WORK TO COMPLETE: The expected output is the complete data, reproduced exactly.

DATA TO EXAMINE:
● ● ● ● ●
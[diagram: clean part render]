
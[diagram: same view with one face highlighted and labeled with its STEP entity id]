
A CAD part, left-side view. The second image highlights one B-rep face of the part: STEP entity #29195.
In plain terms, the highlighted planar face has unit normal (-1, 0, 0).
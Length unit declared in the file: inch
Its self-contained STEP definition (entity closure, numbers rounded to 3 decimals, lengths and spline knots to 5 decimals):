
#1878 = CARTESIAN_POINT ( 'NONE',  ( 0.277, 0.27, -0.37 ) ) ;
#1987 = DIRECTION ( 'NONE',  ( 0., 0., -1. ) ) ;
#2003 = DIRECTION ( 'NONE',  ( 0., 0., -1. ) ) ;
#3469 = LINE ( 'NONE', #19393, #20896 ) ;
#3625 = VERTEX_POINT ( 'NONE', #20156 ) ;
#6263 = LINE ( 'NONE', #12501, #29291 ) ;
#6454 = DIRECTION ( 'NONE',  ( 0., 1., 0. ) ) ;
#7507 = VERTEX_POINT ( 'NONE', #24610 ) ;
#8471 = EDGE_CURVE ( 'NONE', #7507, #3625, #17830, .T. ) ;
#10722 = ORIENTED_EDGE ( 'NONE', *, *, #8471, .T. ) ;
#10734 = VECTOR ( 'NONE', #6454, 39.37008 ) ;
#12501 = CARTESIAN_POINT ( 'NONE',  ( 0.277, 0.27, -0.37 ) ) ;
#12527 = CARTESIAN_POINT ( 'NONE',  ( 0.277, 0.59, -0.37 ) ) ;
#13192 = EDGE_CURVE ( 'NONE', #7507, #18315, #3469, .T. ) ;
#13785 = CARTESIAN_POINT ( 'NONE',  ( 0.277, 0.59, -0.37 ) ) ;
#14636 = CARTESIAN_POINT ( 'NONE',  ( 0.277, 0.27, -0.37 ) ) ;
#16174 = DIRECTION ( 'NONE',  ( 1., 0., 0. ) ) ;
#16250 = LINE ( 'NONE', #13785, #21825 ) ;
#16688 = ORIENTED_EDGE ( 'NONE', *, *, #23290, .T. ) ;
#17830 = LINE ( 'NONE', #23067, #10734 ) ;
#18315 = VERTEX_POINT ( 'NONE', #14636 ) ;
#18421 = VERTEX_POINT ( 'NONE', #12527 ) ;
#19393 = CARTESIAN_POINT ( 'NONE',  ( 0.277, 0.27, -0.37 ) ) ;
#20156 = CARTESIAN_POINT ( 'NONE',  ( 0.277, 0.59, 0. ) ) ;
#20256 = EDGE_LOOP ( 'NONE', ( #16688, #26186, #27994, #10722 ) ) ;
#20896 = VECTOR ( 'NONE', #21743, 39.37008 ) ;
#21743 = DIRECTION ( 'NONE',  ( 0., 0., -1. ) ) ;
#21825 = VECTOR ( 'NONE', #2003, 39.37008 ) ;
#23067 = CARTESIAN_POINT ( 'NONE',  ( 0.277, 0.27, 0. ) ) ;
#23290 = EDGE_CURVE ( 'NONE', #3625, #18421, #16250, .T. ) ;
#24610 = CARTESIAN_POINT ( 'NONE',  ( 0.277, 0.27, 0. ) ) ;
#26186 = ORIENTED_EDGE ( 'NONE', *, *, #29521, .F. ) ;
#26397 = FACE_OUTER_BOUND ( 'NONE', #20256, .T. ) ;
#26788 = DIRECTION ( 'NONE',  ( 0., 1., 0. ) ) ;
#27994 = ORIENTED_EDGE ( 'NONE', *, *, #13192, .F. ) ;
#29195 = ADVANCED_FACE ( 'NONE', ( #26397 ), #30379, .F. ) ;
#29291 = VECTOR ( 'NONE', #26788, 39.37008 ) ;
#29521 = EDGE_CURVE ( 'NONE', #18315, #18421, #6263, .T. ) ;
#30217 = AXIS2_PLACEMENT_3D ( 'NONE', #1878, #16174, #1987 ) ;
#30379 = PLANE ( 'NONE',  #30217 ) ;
● ● ● ● ●
SOLUTION:
[diagram: clean part render]
[diagram: same view with one face highlighted and labeled with its STEP entity id]
A CAD part, left-side view. The second image highlights one B-rep face of the part: STEP entity #29195.
In plain terms, the highlighted planar face has unit normal (-1, 0, 0).
Length unit declared in the file: inch
Its self-contained STEP definition (entity closure, numbers rounded to 3 decimals, lengths and spline knots to 5 decimals):
#1878 = CARTESIAN_POINT ( 'NONE',  ( 0.277, 0.27, -0.37 ) ) ;
#1987 = DIRECTION ( 'NONE',  ( 0., 0., -1. ) ) ;
#2003 = DIRECTION ( 'NONE',  ( 0., 0., -1. ) ) ;
#3469 = LINE ( 'NONE', #19393, #20896 ) ;
#3625 = VERTEX_POINT ( 'NONE', #20156 ) ;
#6263 = LINE ( 'NONE', #12501, #29291 ) ;
#6454 = DIRECTION ( 'NONE',  ( 0., 1., 0. ) ) ;
#7507 = VERTEX_POINT ( 'NONE', #24610 ) ;
#8471 = EDGE_CURVE ( 'NONE', #7507, #3625, #17830, .T. ) ;
#10722 = ORIENTED_EDGE ( 'NONE', *, *, #8471, .T. ) ;
#10734 = VECTOR ( 'NONE', #6454, 39.37008 ) ;
#12501 = CARTESIAN_POINT ( 'NONE',  ( 0.277, 0.27, -0.37 ) ) ;
#12527 = CARTESIAN_POINT ( 'NONE',  ( 0.277, 0.59, -0.37 ) ) ;
#13192 = EDGE_CURVE ( 'NONE', #7507, #18315, #3469, .T. ) ;
#13785 = CARTESIAN_POINT ( 'NONE',  ( 0.277, 0.59, -0.37 ) ) ;
#14636 = CARTESIAN_POINT ( 'NONE',  ( 0.277, 0.27, -0.37 ) ) ;
#16174 = DIRECTION ( 'NONE',  ( 1., 0., 0. ) ) ;
#16250 = LINE ( 'NONE', #13785, #21825 ) ;
#16688 = ORIENTED_EDGE ( 'NONE', *, *, #23290, .T. ) ;
#17830 = LINE ( 'NONE', #23067, #10734 ) ;
#18315 = VERTEX_POINT ( 'NONE', #14636 ) ;
#18421 = VERTEX_POINT ( 'NONE', #12527 ) ;
#19393 = CARTESIAN_POINT ( 'NONE',  ( 0.277, 0.27, -0.37 ) ) ;
#20156 = CARTESIAN_POINT ( 'NONE',  ( 0.277, 0.59, 0. ) ) ;
#20256 = EDGE_LOOP ( 'NONE', ( #16688, #26186, #27994, #10722 ) ) ;
#20896 = VECTOR ( 'NONE', #21743, 39.37008 ) ;
#21743 = DIRECTION ( 'NONE',  ( 0., 0., -1. ) ) ;
#21825 = VECTOR ( 'NONE', #2003, 39.37008 ) ;
#23067 = CARTESIAN_POINT ( 'NONE',  ( 0.277, 0.27, 0. ) ) ;
#23290 = EDGE_CURVE ( 'NONE', #3625, #18421, #16250, .T. ) ;
#24610 = CARTESIAN_POINT ( 'NONE',  ( 0.277, 0.27, 0. ) ) ;
#26186 = ORIENTED_EDGE ( 'NONE', *, *, #29521, .F. ) ;
#26397 = FACE_OUTER_BOUND ( 'NONE', #20256, .T. ) ;
#26788 = DIRECTION ( 'NONE',  ( 0., 1., 0. ) ) ;
#27994 = ORIENTED_EDGE ( 'NONE', *, *, #13192, .F. ) ;
#29195 = ADVANCED_FACE ( 'NONE', ( #26397 ), #30379, .F. ) ;
#29291 = VECTOR ( 'NONE', #26788, 39.37008 ) ;
#29521 = EDGE_CURVE ( 'NONE', #18315, #18421, #6263, .T. ) ;
#30217 = AXIS2_PLACEMENT_3D ( 'NONE', #1878, #16174, #1987 ) ;
#30379 = PLANE ( 'NONE',  #30217 ) ;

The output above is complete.